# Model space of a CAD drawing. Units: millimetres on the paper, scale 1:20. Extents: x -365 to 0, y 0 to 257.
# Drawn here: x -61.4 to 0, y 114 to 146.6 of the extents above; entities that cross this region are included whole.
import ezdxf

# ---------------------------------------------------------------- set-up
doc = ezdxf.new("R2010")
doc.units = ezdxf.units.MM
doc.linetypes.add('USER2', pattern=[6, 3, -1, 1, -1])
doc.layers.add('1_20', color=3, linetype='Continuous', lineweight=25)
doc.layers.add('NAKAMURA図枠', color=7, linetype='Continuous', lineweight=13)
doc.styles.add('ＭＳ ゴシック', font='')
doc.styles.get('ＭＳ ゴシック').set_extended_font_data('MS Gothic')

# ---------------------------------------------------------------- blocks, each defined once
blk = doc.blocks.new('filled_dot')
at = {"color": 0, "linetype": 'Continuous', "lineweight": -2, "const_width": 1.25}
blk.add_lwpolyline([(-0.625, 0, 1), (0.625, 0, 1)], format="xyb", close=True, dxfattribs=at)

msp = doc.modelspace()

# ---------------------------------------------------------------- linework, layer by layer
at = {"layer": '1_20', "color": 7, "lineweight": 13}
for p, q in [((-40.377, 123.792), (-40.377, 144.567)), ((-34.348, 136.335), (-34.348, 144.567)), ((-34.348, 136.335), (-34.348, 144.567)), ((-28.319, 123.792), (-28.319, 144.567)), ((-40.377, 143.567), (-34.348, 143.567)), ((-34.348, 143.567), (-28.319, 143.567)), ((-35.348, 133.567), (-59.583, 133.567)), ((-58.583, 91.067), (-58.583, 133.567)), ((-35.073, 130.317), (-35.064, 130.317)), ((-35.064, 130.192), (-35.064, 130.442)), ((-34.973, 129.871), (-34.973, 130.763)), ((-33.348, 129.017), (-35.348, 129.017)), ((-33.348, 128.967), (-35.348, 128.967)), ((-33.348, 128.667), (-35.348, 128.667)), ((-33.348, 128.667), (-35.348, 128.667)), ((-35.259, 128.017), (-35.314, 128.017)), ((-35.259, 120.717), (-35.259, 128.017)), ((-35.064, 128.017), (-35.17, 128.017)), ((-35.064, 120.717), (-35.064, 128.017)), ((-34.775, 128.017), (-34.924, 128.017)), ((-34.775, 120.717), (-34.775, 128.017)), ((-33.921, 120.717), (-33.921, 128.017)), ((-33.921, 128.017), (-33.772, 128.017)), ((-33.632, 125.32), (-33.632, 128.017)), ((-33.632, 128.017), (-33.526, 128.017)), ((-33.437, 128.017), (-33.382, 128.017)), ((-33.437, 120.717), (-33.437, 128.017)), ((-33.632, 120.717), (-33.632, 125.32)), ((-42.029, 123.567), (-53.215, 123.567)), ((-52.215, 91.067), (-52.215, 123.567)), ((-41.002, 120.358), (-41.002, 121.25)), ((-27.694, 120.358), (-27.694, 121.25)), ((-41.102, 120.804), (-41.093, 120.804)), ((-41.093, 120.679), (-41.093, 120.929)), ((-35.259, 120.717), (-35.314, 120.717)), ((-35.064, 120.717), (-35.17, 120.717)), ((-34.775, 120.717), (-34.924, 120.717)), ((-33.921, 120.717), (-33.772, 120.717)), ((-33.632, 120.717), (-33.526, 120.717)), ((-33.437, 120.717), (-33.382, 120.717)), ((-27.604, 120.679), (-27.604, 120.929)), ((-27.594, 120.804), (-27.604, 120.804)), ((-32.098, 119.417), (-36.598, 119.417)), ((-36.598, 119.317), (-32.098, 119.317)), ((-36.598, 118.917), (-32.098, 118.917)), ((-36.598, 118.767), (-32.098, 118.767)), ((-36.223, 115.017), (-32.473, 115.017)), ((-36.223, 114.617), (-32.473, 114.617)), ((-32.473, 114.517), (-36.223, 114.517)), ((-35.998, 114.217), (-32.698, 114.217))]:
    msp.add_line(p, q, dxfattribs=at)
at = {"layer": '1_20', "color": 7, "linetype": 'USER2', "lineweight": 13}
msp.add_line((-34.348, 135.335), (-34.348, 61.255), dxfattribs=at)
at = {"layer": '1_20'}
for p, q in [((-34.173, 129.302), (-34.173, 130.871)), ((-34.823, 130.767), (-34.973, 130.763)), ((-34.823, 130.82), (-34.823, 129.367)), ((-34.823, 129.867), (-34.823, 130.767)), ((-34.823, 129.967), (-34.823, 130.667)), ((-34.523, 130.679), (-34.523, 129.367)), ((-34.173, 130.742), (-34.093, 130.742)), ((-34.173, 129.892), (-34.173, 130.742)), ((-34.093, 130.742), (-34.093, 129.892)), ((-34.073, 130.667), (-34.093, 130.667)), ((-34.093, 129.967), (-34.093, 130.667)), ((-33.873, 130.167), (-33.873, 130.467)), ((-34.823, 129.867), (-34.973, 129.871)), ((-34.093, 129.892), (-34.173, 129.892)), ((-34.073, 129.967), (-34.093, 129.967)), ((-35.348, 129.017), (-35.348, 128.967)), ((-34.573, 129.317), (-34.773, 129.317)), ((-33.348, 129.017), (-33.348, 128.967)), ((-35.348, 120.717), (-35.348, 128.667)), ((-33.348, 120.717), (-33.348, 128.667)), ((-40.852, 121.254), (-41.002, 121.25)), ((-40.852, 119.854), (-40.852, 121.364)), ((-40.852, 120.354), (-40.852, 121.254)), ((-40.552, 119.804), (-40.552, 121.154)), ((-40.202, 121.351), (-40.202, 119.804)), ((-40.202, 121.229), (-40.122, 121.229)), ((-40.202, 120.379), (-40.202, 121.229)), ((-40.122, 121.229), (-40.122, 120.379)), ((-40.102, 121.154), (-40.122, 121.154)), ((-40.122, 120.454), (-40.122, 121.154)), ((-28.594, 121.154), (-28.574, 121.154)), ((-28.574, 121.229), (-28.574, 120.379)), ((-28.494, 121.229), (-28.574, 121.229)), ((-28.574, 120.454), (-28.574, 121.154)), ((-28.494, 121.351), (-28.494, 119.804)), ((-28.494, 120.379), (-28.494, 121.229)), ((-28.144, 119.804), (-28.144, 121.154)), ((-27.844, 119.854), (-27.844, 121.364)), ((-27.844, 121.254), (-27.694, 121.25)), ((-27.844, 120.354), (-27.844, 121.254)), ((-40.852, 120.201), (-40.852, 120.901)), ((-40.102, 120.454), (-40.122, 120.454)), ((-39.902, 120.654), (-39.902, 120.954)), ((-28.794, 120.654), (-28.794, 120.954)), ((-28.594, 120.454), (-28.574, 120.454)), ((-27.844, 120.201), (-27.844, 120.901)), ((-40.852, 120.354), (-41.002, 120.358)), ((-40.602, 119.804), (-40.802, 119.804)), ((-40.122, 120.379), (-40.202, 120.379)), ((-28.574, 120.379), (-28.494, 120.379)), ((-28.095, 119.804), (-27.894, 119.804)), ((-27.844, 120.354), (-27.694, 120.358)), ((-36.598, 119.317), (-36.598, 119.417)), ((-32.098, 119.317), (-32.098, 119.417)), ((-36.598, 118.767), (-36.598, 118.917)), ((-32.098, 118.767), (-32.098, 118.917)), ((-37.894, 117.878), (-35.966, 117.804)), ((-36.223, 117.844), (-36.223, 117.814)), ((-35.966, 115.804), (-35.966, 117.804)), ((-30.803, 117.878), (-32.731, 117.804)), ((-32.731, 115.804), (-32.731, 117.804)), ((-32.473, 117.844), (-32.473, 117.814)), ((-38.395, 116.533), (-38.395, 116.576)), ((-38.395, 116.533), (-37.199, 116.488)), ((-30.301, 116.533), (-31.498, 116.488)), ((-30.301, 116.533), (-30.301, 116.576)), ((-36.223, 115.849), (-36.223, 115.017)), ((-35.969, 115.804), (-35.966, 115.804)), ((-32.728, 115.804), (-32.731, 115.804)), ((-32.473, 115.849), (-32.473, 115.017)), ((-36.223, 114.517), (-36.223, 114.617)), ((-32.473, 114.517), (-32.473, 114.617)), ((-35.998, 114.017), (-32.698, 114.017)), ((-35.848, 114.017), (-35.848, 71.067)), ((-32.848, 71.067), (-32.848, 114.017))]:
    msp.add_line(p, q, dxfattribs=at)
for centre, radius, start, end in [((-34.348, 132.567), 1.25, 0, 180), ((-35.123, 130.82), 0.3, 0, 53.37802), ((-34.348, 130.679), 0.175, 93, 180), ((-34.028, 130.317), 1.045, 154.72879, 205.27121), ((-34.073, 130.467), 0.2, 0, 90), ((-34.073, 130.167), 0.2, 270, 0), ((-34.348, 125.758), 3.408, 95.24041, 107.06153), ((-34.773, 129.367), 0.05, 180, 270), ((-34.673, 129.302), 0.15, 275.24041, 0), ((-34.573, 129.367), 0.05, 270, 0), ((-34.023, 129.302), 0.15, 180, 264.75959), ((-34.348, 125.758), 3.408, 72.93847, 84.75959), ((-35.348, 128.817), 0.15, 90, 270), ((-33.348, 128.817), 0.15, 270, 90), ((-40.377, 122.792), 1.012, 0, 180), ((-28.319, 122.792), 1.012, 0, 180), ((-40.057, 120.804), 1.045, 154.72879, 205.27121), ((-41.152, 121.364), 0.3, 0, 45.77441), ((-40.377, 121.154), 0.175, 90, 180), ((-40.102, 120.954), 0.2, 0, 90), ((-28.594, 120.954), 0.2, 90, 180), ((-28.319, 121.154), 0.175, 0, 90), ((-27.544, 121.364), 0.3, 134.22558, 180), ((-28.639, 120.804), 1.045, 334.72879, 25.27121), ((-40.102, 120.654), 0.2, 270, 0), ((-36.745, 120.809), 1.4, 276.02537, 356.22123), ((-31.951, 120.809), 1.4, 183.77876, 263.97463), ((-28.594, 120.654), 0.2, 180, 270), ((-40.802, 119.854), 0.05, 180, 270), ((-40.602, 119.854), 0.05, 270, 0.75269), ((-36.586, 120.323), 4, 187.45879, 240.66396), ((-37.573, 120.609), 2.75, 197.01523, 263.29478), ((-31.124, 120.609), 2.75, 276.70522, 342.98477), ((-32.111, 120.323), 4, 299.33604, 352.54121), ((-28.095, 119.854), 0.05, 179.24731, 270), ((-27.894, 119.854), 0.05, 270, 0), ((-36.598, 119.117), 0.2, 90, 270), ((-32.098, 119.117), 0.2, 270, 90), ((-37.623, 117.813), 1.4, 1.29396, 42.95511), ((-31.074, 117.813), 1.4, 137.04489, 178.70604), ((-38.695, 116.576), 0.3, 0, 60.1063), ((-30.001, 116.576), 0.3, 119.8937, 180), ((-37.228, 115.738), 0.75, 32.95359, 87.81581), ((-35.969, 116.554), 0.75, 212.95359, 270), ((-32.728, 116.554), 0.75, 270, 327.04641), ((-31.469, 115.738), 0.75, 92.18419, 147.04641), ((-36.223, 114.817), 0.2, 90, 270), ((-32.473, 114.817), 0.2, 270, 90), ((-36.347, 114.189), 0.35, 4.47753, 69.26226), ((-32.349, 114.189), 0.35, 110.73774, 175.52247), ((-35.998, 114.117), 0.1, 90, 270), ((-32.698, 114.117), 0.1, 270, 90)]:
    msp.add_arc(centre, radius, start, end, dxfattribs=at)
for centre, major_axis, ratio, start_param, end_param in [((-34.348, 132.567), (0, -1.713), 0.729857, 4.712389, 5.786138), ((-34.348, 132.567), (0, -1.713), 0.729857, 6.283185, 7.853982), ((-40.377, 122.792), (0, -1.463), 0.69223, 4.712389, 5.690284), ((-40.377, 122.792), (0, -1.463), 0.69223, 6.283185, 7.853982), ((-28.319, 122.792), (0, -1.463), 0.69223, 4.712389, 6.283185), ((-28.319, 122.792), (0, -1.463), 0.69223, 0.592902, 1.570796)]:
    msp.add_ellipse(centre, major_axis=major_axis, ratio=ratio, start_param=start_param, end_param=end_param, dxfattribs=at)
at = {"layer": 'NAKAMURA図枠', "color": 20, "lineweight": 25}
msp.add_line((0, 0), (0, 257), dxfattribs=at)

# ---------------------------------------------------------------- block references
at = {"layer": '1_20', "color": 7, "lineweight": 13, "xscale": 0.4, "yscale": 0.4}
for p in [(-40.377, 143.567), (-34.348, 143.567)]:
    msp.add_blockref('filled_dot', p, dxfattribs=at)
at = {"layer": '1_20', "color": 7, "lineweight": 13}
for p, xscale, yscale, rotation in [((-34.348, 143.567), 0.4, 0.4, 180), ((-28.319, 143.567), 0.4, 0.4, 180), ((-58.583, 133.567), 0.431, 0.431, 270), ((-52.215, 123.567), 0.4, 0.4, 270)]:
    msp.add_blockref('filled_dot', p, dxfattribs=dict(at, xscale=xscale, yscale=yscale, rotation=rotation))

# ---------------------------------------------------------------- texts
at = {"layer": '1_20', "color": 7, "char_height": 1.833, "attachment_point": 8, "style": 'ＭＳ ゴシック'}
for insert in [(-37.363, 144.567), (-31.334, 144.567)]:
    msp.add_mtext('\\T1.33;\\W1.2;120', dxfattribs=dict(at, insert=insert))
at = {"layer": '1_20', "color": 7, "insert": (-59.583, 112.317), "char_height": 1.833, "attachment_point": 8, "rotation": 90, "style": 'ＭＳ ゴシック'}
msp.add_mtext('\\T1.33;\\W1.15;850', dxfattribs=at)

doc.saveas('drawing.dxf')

_ _ _ _ _

# WHAT YOU HAVE TO DO:
Which lines in the records above hold the string "ezdxf"? Copy each of them.

# RESULT OF THIS TASK:
import ezdxf
doc = ezdxf.new("R2010")
doc.units = ezdxf.units.MM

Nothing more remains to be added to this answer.